Muito diferente do que ocorre no Brasil, capitais mundiais costumam ter um sistema de banheiros públicos. Além disso, costumam ter políticas públicas já bem organizadas para a divulgação de informações públicas – por exemplo, a lista com os endereços dos banheiros públicos. Junte as duas coisas. As pessoas passam a ter, facilmente, toda a rede de serviços públicos ou parte dela em um telefone celular.

Programadores e profissionais que lidam com os mais diversos ramos das ciências da computação e da informação podem utilizar esses dados públicos para criar softwares que, baseados em tais dados, entregam algum resultado para o usuário – no caso, a lista com todos os endereços dos banheiros públicos da cidade.

Troque banheiro público por qualquer outro serviço prestado pelas cidades: escolas, centros de saúde, bibliotecas, parques, telefones públicos, agências de correio, pontos de ônibus e muitos outros. Imagine a quantidade de serviços públicos que podem ser acessados facilmente pelos cidadãos, seja pela internet ou pelo celular de cada um.

Cidadão-fiscal – Em uma entrevista para uma revista local, a cidadã dinamarquesa explicou que, ao acessar o aplicativo com a rede de banheiros públicos da capital, as pessoas podem não somente descobrir o endereço ou as características da instalação mais próxima como também podem inserir comentários e fiscalizar as condições de uso, higiene e conservação. Ninguém é melhor para oferecer essas informações do que os usuários, resumiu ela.
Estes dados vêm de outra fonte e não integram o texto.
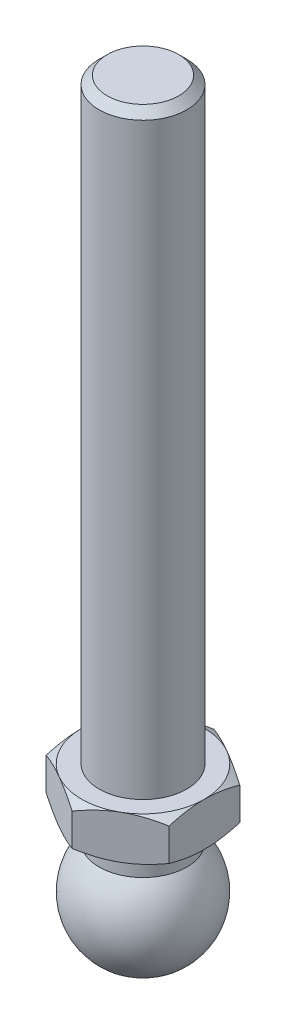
ISO-10303-21;
HEADER;
FILE_DESCRIPTION(('STEP AP214'),'2;1');
FILE_NAME('part.step','',(''),(''),'','','');
FILE_SCHEMA(('AUTOMOTIVE_DESIGN { 1 0 10303 214 1 1 1 1 }'));
ENDSEC;
DATA;
#1=APPLICATION_CONTEXT('core data for automotive mechanical design processes');
#2=APPLICATION_PROTOCOL_DEFINITION('international standard','automotive_design',2000,#1);
#3=PRODUCT_CONTEXT('',#1,'mechanical');
#4=PRODUCT('Part','Part','',(#3));
#5=PRODUCT_RELATED_PRODUCT_CATEGORY('part','',(#4));
#6=PRODUCT_DEFINITION_FORMATION('','',#4);
#7=PRODUCT_DEFINITION_CONTEXT('part definition',#1,'design');
#8=PRODUCT_DEFINITION('design','',#6,#7);
#9=PRODUCT_DEFINITION_SHAPE('','',#8);
#10=(LENGTH_UNIT() NAMED_UNIT(*) SI_UNIT(.MILLI.,.METRE.));
#11=(NAMED_UNIT(*) PLANE_ANGLE_UNIT() SI_UNIT($,.RADIAN.));
#12=(NAMED_UNIT(*) SI_UNIT($,.STERADIAN.) SOLID_ANGLE_UNIT());
#13=UNCERTAINTY_MEASURE_WITH_UNIT(LENGTH_MEASURE(1.E-05),#10,'distance_accuracy_value','');
#14=(GEOMETRIC_REPRESENTATION_CONTEXT(3) GLOBAL_UNCERTAINTY_ASSIGNED_CONTEXT((#13)) GLOBAL_UNIT_ASSIGNED_CONTEXT((#10,
#11,#12)) REPRESENTATION_CONTEXT('',''));
#15=CARTESIAN_POINT('',(0.,0.,0.));
#16=DIRECTION('',(0.,0.,1.));
#17=DIRECTION('',(1.,0.,0.));
#18=AXIS2_PLACEMENT_3D('',#15,#16,#17);
#19=CARTESIAN_POINT('',(0.,12.6,0.));
#20=DIRECTION('',(0.,-1.,0.));
#21=DIRECTION('',(0.,0.,-1.));
#22=AXIS2_PLACEMENT_3D('',#19,#20,#21);
#23=CONICAL_SURFACE('',#22,7.,1.0471975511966);
#24=CARTESIAN_POINT('',(-7.,8.53828268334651,12.1648696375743));
#25=CARTESIAN_POINT('',(-7.,8.68391573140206,11.8738003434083));
#26=CARTESIAN_POINT('',(-7.,8.82854589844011,11.5822239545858));
#27=CARTESIAN_POINT('',(-7.,9.11531569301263,10.997825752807));
#28=CARTESIAN_POINT('',(-7.,9.25745515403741,10.7050038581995));
#29=CARTESIAN_POINT('',(-7.,9.53902214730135,10.1173316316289));
#30=CARTESIAN_POINT('',(-7.,9.67844364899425,9.82247840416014));
#31=CARTESIAN_POINT('',(-7.,9.95360604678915,9.23106328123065));
#32=CARTESIAN_POINT('',(-7.,10.0893470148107,8.93450141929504));
#33=CARTESIAN_POINT('',(-7.,10.3623110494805,8.32593520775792));
#34=CARTESIAN_POINT('',(-7.,10.4993254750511,8.01383696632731));
#35=CARTESIAN_POINT('',(-7.,10.7671383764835,7.38695797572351));
#36=CARTESIAN_POINT('',(-7.,10.8979365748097,7.07217710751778));
#37=CARTESIAN_POINT('',(-7.,11.1515530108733,6.43962449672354));
#38=CARTESIAN_POINT('',(-7.,11.2743761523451,6.12185473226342));
#39=CARTESIAN_POINT('',(-7.,11.5099016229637,5.48260317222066));
#40=CARTESIAN_POINT('',(-7.,11.6226050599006,5.1611217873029));
#41=CARTESIAN_POINT('',(-7.,11.8599014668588,4.43821731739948));
#42=CARTESIAN_POINT('',(-7.,11.981118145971,4.03566892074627));
#43=CARTESIAN_POINT('',(-7.,12.1969740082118,3.22331060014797));
#44=CARTESIAN_POINT('',(-7.,12.2916155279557,2.8135013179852));
#45=CARTESIAN_POINT('',(-7.,12.4069999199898,2.19742561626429));
#46=CARTESIAN_POINT('',(-7.,12.4408518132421,1.99359214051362));
#47=CARTESIAN_POINT('',(-7.,12.4993191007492,1.58461613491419));
#48=CARTESIAN_POINT('',(-7.,12.5239358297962,1.37947379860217));
#49=CARTESIAN_POINT('',(-7.,12.5631968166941,0.968289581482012));
#50=CARTESIAN_POINT('',(-7.,12.5778439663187,0.76224797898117));
#51=CARTESIAN_POINT('',(-7.,12.5967021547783,0.349683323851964));
#52=CARTESIAN_POINT('',(-7.,12.6009132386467,0.143160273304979));
#53=CARTESIAN_POINT('',(-7.,12.5987493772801,-0.271082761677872));
#54=CARTESIAN_POINT('',(-7.,12.5923100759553,-0.47880240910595));
#55=CARTESIAN_POINT('',(-7.,12.5689433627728,-0.893645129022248));
#56=CARTESIAN_POINT('',(-7.,12.5520159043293,-1.10076819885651));
#57=CARTESIAN_POINT('',(-7.,12.5082124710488,-1.51403043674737));
#58=CARTESIAN_POINT('',(-7.,12.4813327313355,-1.72016920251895));
#59=CARTESIAN_POINT('',(-7.,12.4184180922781,-2.13103319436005));
#60=CARTESIAN_POINT('',(-7.,12.382382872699,-2.33575837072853));
#61=CARTESIAN_POINT('',(-7.,12.2605686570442,-2.95437912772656));
#62=CARTESIAN_POINT('',(-7.,12.1618729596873,-3.36575077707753));
#63=CARTESIAN_POINT('',(-7.,11.93845338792,-4.1813801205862));
#64=CARTESIAN_POINT('',(-7.,11.8137148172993,-4.58563365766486));
#65=CARTESIAN_POINT('',(-7.,11.573324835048,-5.30320893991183));
#66=CARTESIAN_POINT('',(-7.,11.4612875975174,-5.61775957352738));
#67=CARTESIAN_POINT('',(-7.,11.2278514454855,-6.24325021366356));
#68=CARTESIAN_POINT('',(-7.,11.1064551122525,-6.55419118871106));
#69=CARTESIAN_POINT('',(-7.,10.8562070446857,-7.17328528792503));
#70=CARTESIAN_POINT('',(-7.,10.7273503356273,-7.48143638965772));
#71=CARTESIAN_POINT('',(-7.,10.4637823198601,-8.09523802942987));
#72=CARTESIAN_POINT('',(-7.,10.3290706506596,-8.4008884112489));
#73=CARTESIAN_POINT('',(-7.,10.0607840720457,-8.99716345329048));
#74=CARTESIAN_POINT('',(-7.,9.92740317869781,-9.28787568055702));
#75=CARTESIAN_POINT('',(-7.,9.65714715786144,-9.86766295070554));
#76=CARTESIAN_POINT('',(-7.,9.52027208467,-10.1567380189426));
#77=CARTESIAN_POINT('',(-7.,9.24389786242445,-10.7329937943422));
#78=CARTESIAN_POINT('',(-7.,9.10440383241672,-11.0201769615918));
#79=CARTESIAN_POINT('',(-7.,8.8230228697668,-11.5933594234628));
#80=CARTESIAN_POINT('',(-7.,8.68113600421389,-11.879358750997));
#81=CARTESIAN_POINT('',(-7.,8.53828268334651,-12.1648696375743));
#82=B_SPLINE_CURVE_WITH_KNOTS('',3,(#24,#25,#26,#27,#28,#29,#30,#31,#32,#33,#34,#35,#36,#37,#38,
#39,#40,#41,#42,#43,#44,#45,#46,#47,#48,#49,#50,#51,#52,#53,#54,#55,#56,#57,#58,#59,#60,#61,#62,
#63,#64,#65,#66,#67,#68,#69,#70,#71,#72,#73,#74,#75,#76,#77,#78,#79,#80,#81),.UNSPECIFIED.,.F.,
.F.,(4,2,2,2,2,2,2,2,2,2,2,2,2,2,2,2,2,2,2,2,2,2,2,2,2,2,2,2,4),(0.,0.976413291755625,
1.9528916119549,2.9313342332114,3.90975772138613,4.93225217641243,5.95479223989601,
6.97669748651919,7.99849072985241,9.25906449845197,10.5195273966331,11.1392271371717,
11.758837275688,12.3782676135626,12.9976952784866,13.6208795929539,14.244066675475,
14.8674897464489,15.4909346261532,16.7587972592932,18.0273773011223,19.0289263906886,
20.0302002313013,21.0321496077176,22.034161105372,22.9936838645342,23.9531917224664,
24.9109871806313,25.8687558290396),.UNSPECIFIED.);
#83=CARTESIAN_POINT('',(-7.,11.9747852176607,4.04145188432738));
#84=VERTEX_POINT('',#83);
#85=CARTESIAN_POINT('',(-7.,12.6,0.));
#86=VERTEX_POINT('',#85);
#87=EDGE_CURVE('E309',#84,#86,#82,.T.);
#88=ORIENTED_EDGE('',*,*,#87,.F.);
#89=CARTESIAN_POINT('',(0.0002,11.9747185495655,8.0830192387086));
#90=CARTESIAN_POINT('',(-0.15366790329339,12.0260001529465,7.99418356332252));
#91=CARTESIAN_POINT('',(-0.308109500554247,12.0749544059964,7.90501666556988));
#92=CARTESIAN_POINT('',(-0.618246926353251,12.1675672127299,7.72595873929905));
#93=CARTESIAN_POINT('',(-0.773943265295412,12.2112234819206,7.63606741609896));
#94=CARTESIAN_POINT('',(-1.24352516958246,12.3333884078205,7.36495417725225));
#95=CARTESIAN_POINT('',(-1.5592643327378,12.4028744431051,7.18266208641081));
#96=CARTESIAN_POINT('',(-2.03176224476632,12.4843550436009,6.9098652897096));
#97=CARTESIAN_POINT('',(-2.18710922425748,12.5075665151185,6.82017566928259));
#98=CARTESIAN_POINT('',(-2.49850511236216,12.5464887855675,6.64039116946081));
#99=CARTESIAN_POINT('',(-2.6545539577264,12.5622002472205,6.55029632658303));
#100=CARTESIAN_POINT('',(-2.96692267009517,12.5857220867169,6.36995016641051));
#101=CARTESIAN_POINT('',(-3.12324202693,12.5935414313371,6.27969914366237));
#102=CARTESIAN_POINT('',(-3.43601650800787,12.6011197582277,6.09911871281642));
#103=CARTESIAN_POINT('',(-3.59247162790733,12.600878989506,6.00878930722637));
#104=CARTESIAN_POINT('',(-4.02110687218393,12.5891402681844,5.76131663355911));
#105=CARTESIAN_POINT('',(-4.29314668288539,12.5694342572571,5.60425437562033));
#106=CARTESIAN_POINT('',(-4.83541944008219,12.5069465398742,5.29117305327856));
#107=CARTESIAN_POINT('',(-5.10565047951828,12.464143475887,5.13515508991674));
#108=CARTESIAN_POINT('',(-5.64901454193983,12.3571483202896,4.82144370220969));
#109=CARTESIAN_POINT('',(-5.92207900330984,12.2925029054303,4.66378986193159));
#110=CARTESIAN_POINT('',(-6.46413578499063,12.145783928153,4.35083323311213));
#111=CARTESIAN_POINT('',(-6.73313504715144,12.0637448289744,4.19552643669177));
#112=CARTESIAN_POINT('',(-7.0002,11.9747185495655,4.04133641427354));
#113=B_SPLINE_CURVE_WITH_KNOTS('',3,(#89,#90,#91,#92,#93,#94,#95,#96,#97,#98,#99,#100,#101,#102,
#103,#104,#105,#106,#107,#108,#109,#110,#111,#112),.UNSPECIFIED.,.F.,.F.,(4,2,2,2,2,2,2,2,2,2,2,
4),(0.,0.554727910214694,1.10969417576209,2.2219327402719,2.76443041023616,3.30688013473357,
3.84871284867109,4.39052882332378,5.33376515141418,6.27787517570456,7.2429241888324,
8.20607866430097),.UNSPECIFIED.);
#114=CARTESIAN_POINT('',(-3.5,12.6,6.06217782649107));
#115=VERTEX_POINT('',#114);
#116=EDGE_CURVE('E135',#115,#84,#113,.T.);
#117=ORIENTED_EDGE('',*,*,#116,.F.);
#118=CARTESIAN_POINT('',(0.,12.6,0.));
#119=DIRECTION('',(0.,-1.,0.));
#120=DIRECTION('',(0.,0.,-1.));
#121=AXIS2_PLACEMENT_3D('',#118,#119,#120);
#122=CIRCLE('',#121,7.);
#123=EDGE_CURVE('E283',#115,#86,#122,.T.);
#124=ORIENTED_EDGE('',*,*,#123,.T.);
#125=EDGE_LOOP('',(#88,#117,#124));
#126=FACE_BOUND('',#125,.T.);
#127=ADVANCED_FACE('F14',(#126),#23,.T.);
#128=CARTESIAN_POINT('',(-7.,11.9747852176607,-4.04145188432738));
#129=VERTEX_POINT('',#128);
#130=EDGE_CURVE('E193',#86,#129,#82,.T.);
#131=ORIENTED_EDGE('',*,*,#130,.F.);
#132=CARTESIAN_POINT('',(-3.5,12.6,-6.06217782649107));
#133=VERTEX_POINT('',#132);
#134=EDGE_CURVE('E195',#86,#133,#122,.T.);
#135=ORIENTED_EDGE('',*,*,#134,.T.);
#136=CARTESIAN_POINT('',(-7.0002,11.9747185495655,-4.04133641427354));
#137=CARTESIAN_POINT('',(-6.84633209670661,12.0260001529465,-4.13017208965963));
#138=CARTESIAN_POINT('',(-6.69189049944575,12.0749544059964,-4.21933898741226));
#139=CARTESIAN_POINT('',(-6.38175307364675,12.1675672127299,-4.39839691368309));
#140=CARTESIAN_POINT('',(-6.22605673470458,12.2112234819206,-4.48828823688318));
#141=CARTESIAN_POINT('',(-5.75647483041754,12.3333884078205,-4.75940147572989));
#142=CARTESIAN_POINT('',(-5.4407356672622,12.4028744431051,-4.94169356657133));
#143=CARTESIAN_POINT('',(-4.96823775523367,12.4843550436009,-5.21449036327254));
#144=CARTESIAN_POINT('',(-4.81289077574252,12.5075665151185,-5.30417998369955));
#145=CARTESIAN_POINT('',(-4.50149488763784,12.5464887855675,-5.48396448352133));
#146=CARTESIAN_POINT('',(-4.3454460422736,12.5622002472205,-5.5740593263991));
#147=CARTESIAN_POINT('',(-4.03307732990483,12.5857220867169,-5.75440548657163));
#148=CARTESIAN_POINT('',(-3.87675797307,12.5935414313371,-5.84465650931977));
#149=CARTESIAN_POINT('',(-3.56398349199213,12.6011197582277,-6.02523694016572));
#150=CARTESIAN_POINT('',(-3.40752837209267,12.600878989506,-6.11556634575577));
#151=CARTESIAN_POINT('',(-2.97889312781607,12.5891402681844,-6.36303901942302));
#152=CARTESIAN_POINT('',(-2.70685331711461,12.5694342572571,-6.52010127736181));
#153=CARTESIAN_POINT('',(-2.16458055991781,12.5069465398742,-6.83318259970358));
#154=CARTESIAN_POINT('',(-1.89434952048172,12.464143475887,-6.9892005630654));
#155=CARTESIAN_POINT('',(-1.35098545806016,12.3571483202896,-7.30291195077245));
#156=CARTESIAN_POINT('',(-1.07792099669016,12.2925029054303,-7.46056579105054));
#157=CARTESIAN_POINT('',(-0.535864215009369,12.145783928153,-7.77352241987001));
#158=CARTESIAN_POINT('',(-0.266864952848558,12.0637448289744,-7.92882921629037));
#159=CARTESIAN_POINT('',(0.000200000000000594,11.9747185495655,-8.0830192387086));
#160=B_SPLINE_CURVE_WITH_KNOTS('',3,(#136,#137,#138,#139,#140,#141,#142,#143,#144,#145,#146,
#147,#148,#149,#150,#151,#152,#153,#154,#155,#156,#157,#158,#159),.UNSPECIFIED.,.F.,.F.,(4,2,2,
2,2,2,2,2,2,2,2,4),(0.,0.554727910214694,1.10969417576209,2.22193274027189,2.76443041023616,
3.30688013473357,3.84871284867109,4.39052882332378,5.33376515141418,6.27787517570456,
7.2429241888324,8.20607866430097),.UNSPECIFIED.);
#161=EDGE_CURVE('E183',#129,#133,#160,.T.);
#162=ORIENTED_EDGE('',*,*,#161,.F.);
#163=EDGE_LOOP('',(#131,#135,#162));
#164=FACE_BOUND('',#163,.T.);
#165=ADVANCED_FACE('F192',(#164),#23,.T.);
#166=CARTESIAN_POINT('',(0.,11.9747852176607,-8.08290376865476));
#167=VERTEX_POINT('',#166);
#168=EDGE_CURVE('E197',#133,#167,#160,.T.);
#169=ORIENTED_EDGE('',*,*,#168,.F.);
#170=CARTESIAN_POINT('',(3.5,12.6,-6.06217782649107));
#171=VERTEX_POINT('',#170);
#172=EDGE_CURVE('E293',#133,#171,#122,.T.);
#173=ORIENTED_EDGE('',*,*,#172,.T.);
#174=CARTESIAN_POINT('',(-0.0002,11.9747185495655,-8.0830192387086));
#175=CARTESIAN_POINT('',(0.15366790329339,12.0260001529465,-7.99418356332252));
#176=CARTESIAN_POINT('',(0.308109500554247,12.0749544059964,-7.90501666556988));
#177=CARTESIAN_POINT('',(0.618246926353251,12.1675672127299,-7.72595873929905));
#178=CARTESIAN_POINT('',(0.773943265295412,12.2112234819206,-7.63606741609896));
#179=CARTESIAN_POINT('',(1.24352516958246,12.3333884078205,-7.36495417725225));
#180=CARTESIAN_POINT('',(1.5592643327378,12.4028744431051,-7.18266208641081));
#181=CARTESIAN_POINT('',(2.03176224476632,12.4843550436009,-6.9098652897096));
#182=CARTESIAN_POINT('',(2.18710922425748,12.5075665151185,-6.82017566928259));
#183=CARTESIAN_POINT('',(2.49850511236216,12.5464887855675,-6.64039116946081));
#184=CARTESIAN_POINT('',(2.6545539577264,12.5622002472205,-6.55029632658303));
#185=CARTESIAN_POINT('',(2.96692267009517,12.5857220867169,-6.36995016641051));
#186=CARTESIAN_POINT('',(3.12324202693,12.5935414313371,-6.27969914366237));
#187=CARTESIAN_POINT('',(3.43601650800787,12.6011197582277,-6.09911871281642));
#188=CARTESIAN_POINT('',(3.59247162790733,12.600878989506,-6.00878930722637));
#189=CARTESIAN_POINT('',(4.02110687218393,12.5891402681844,-5.76131663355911));
#190=CARTESIAN_POINT('',(4.29314668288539,12.5694342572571,-5.60425437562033));
#191=CARTESIAN_POINT('',(4.83541944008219,12.5069465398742,-5.29117305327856));
#192=CARTESIAN_POINT('',(5.10565047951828,12.464143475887,-5.13515508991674));
#193=CARTESIAN_POINT('',(5.64901454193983,12.3571483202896,-4.82144370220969));
#194=CARTESIAN_POINT('',(5.92207900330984,12.2925029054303,-4.66378986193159));
#195=CARTESIAN_POINT('',(6.46413578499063,12.145783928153,-4.35083323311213));
#196=CARTESIAN_POINT('',(6.73313504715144,12.0637448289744,-4.19552643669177));
#197=CARTESIAN_POINT('',(7.0002,11.9747185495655,-4.04133641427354));
#198=B_SPLINE_CURVE_WITH_KNOTS('',3,(#174,#175,#176,#177,#178,#179,#180,#181,#182,#183,#184,
#185,#186,#187,#188,#189,#190,#191,#192,#193,#194,#195,#196,#197),.UNSPECIFIED.,.F.,.F.,(4,2,2,
2,2,2,2,2,2,2,2,4),(0.,0.554727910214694,1.10969417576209,2.2219327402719,2.76443041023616,
3.30688013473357,3.84871284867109,4.39052882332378,5.33376515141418,6.27787517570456,
7.2429241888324,8.20607866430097),.UNSPECIFIED.);
#199=EDGE_CURVE('E243',#167,#171,#198,.T.);
#200=ORIENTED_EDGE('',*,*,#199,.F.);
#201=EDGE_LOOP('',(#169,#173,#200));
#202=FACE_BOUND('',#201,.T.);
#203=ADVANCED_FACE('F342',(#202),#23,.T.);
#204=CARTESIAN_POINT('',(7.,11.9747852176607,-4.04145188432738));
#205=VERTEX_POINT('',#204);
#206=EDGE_CURVE('E238',#171,#205,#198,.T.);
#207=ORIENTED_EDGE('',*,*,#206,.F.);
#208=CARTESIAN_POINT('',(7.,12.6,0.));
#209=VERTEX_POINT('',#208);
#210=EDGE_CURVE('E288',#171,#209,#122,.T.);
#211=ORIENTED_EDGE('',*,*,#210,.T.);
#212=CARTESIAN_POINT('',(7.,8.53828268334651,-12.1648696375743));
#213=CARTESIAN_POINT('',(7.,8.68391573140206,-11.8738003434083));
#214=CARTESIAN_POINT('',(7.,8.82854589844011,-11.5822239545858));
#215=CARTESIAN_POINT('',(7.,9.11531569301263,-10.997825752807));
#216=CARTESIAN_POINT('',(7.,9.25745515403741,-10.7050038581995));
#217=CARTESIAN_POINT('',(7.,9.53902214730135,-10.1173316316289));
#218=CARTESIAN_POINT('',(7.,9.67844364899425,-9.82247840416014));
#219=CARTESIAN_POINT('',(7.,9.95360604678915,-9.23106328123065));
#220=CARTESIAN_POINT('',(7.,10.0893470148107,-8.93450141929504));
#221=CARTESIAN_POINT('',(7.,10.3623110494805,-8.32593520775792));
#222=CARTESIAN_POINT('',(7.,10.4993254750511,-8.01383696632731));
#223=CARTESIAN_POINT('',(7.,10.7671383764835,-7.38695797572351));
#224=CARTESIAN_POINT('',(7.,10.8979365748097,-7.07217710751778));
#225=CARTESIAN_POINT('',(7.,11.1515530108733,-6.43962449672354));
#226=CARTESIAN_POINT('',(7.,11.2743761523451,-6.12185473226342));
#227=CARTESIAN_POINT('',(7.,11.5099016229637,-5.48260317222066));
#228=CARTESIAN_POINT('',(7.,11.6226050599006,-5.1611217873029));
#229=CARTESIAN_POINT('',(7.,11.8599014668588,-4.43821731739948));
#230=CARTESIAN_POINT('',(7.,11.981118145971,-4.03566892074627));
#231=CARTESIAN_POINT('',(7.,12.1969740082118,-3.22331060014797));
#232=CARTESIAN_POINT('',(7.,12.2916155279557,-2.8135013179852));
#233=CARTESIAN_POINT('',(7.,12.4069999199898,-2.19742561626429));
#234=CARTESIAN_POINT('',(7.,12.4408518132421,-1.99359214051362));
#235=CARTESIAN_POINT('',(7.,12.4993191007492,-1.58461613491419));
#236=CARTESIAN_POINT('',(7.,12.5239358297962,-1.37947379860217));
#237=CARTESIAN_POINT('',(7.,12.5631968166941,-0.968289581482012));
#238=CARTESIAN_POINT('',(7.,12.5778439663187,-0.76224797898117));
#239=CARTESIAN_POINT('',(7.,12.5967021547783,-0.349683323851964));
#240=CARTESIAN_POINT('',(7.,12.6009132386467,-0.143160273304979));
#241=CARTESIAN_POINT('',(7.,12.5987493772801,0.271082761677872));
#242=CARTESIAN_POINT('',(7.,12.5923100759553,0.47880240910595));
#243=CARTESIAN_POINT('',(7.,12.5689433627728,0.893645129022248));
#244=CARTESIAN_POINT('',(7.,12.5520159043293,1.10076819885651));
#245=CARTESIAN_POINT('',(7.,12.5082124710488,1.51403043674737));
#246=CARTESIAN_POINT('',(7.,12.4813327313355,1.72016920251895));
#247=CARTESIAN_POINT('',(7.,12.4184180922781,2.13103319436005));
#248=CARTESIAN_POINT('',(7.,12.382382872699,2.33575837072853));
#249=CARTESIAN_POINT('',(7.,12.2605686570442,2.95437912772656));
#250=CARTESIAN_POINT('',(7.,12.1618729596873,3.36575077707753));
#251=CARTESIAN_POINT('',(7.,11.93845338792,4.1813801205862));
#252=CARTESIAN_POINT('',(7.,11.8137148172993,4.58563365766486));
#253=CARTESIAN_POINT('',(7.,11.573324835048,5.30320893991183));
#254=CARTESIAN_POINT('',(7.,11.4612875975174,5.61775957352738));
#255=CARTESIAN_POINT('',(7.,11.2278514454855,6.24325021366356));
#256=CARTESIAN_POINT('',(7.,11.1064551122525,6.55419118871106));
#257=CARTESIAN_POINT('',(7.,10.8562070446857,7.17328528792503));
#258=CARTESIAN_POINT('',(7.,10.7273503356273,7.48143638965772));
#259=CARTESIAN_POINT('',(7.,10.4637823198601,8.09523802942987));
#260=CARTESIAN_POINT('',(7.,10.3290706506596,8.4008884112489));
#261=CARTESIAN_POINT('',(7.,10.0607840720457,8.99716345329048));
#262=CARTESIAN_POINT('',(7.,9.92740317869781,9.28787568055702));
#263=CARTESIAN_POINT('',(7.,9.65714715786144,9.86766295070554));
#264=CARTESIAN_POINT('',(7.,9.52027208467,10.1567380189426));
#265=CARTESIAN_POINT('',(7.,9.24389786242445,10.7329937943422));
#266=CARTESIAN_POINT('',(7.,9.10440383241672,11.0201769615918));
#267=CARTESIAN_POINT('',(7.,8.8230228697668,11.5933594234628));
#268=CARTESIAN_POINT('',(7.,8.68113600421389,11.879358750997));
#269=CARTESIAN_POINT('',(7.,8.53828268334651,12.1648696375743));
#270=B_SPLINE_CURVE_WITH_KNOTS('',3,(#212,#213,#214,#215,#216,#217,#218,#219,#220,#221,#222,
#223,#224,#225,#226,#227,#228,#229,#230,#231,#232,#233,#234,#235,#236,#237,#238,#239,#240,#241,
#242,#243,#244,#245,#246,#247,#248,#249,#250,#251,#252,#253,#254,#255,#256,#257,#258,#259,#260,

O Brasil? Claro, primeiro, as cidades brasileiras precisam construir uma rede de banheiros públicos que cubra razoavelmente as cidades, ao menos as principais. Depois, as autoridades precisam oferecer aos cidadãos as informações públicas – isso é, “abrir” os dados públicos. Com esses dados acessíveis, os programadores fazem o restante do trabalho.

Por trás do exemplo da senhora dinamarquesa está um movimento civil organizado em várias cidades, estados e países ao redor do mundo que cobra das autoridades públicas o acesso facilitado a diversos tipos de informações públicas, principalmente aquelas que possam ter algum valor ou serventia à população. O Brasil, mesmo nessa área, também ainda avança muito lentamente.

Para saber mais:

Caso queira entender com um pouco mais de profundidade e abrangência, acesse a introdução (em inglês) de um guia criado exatamente para conscientizar cidadãos, jornalistas e fundamentalmente instituições públicas sobre os impactos positivos do movimento global por mais acesso aos dados públicos.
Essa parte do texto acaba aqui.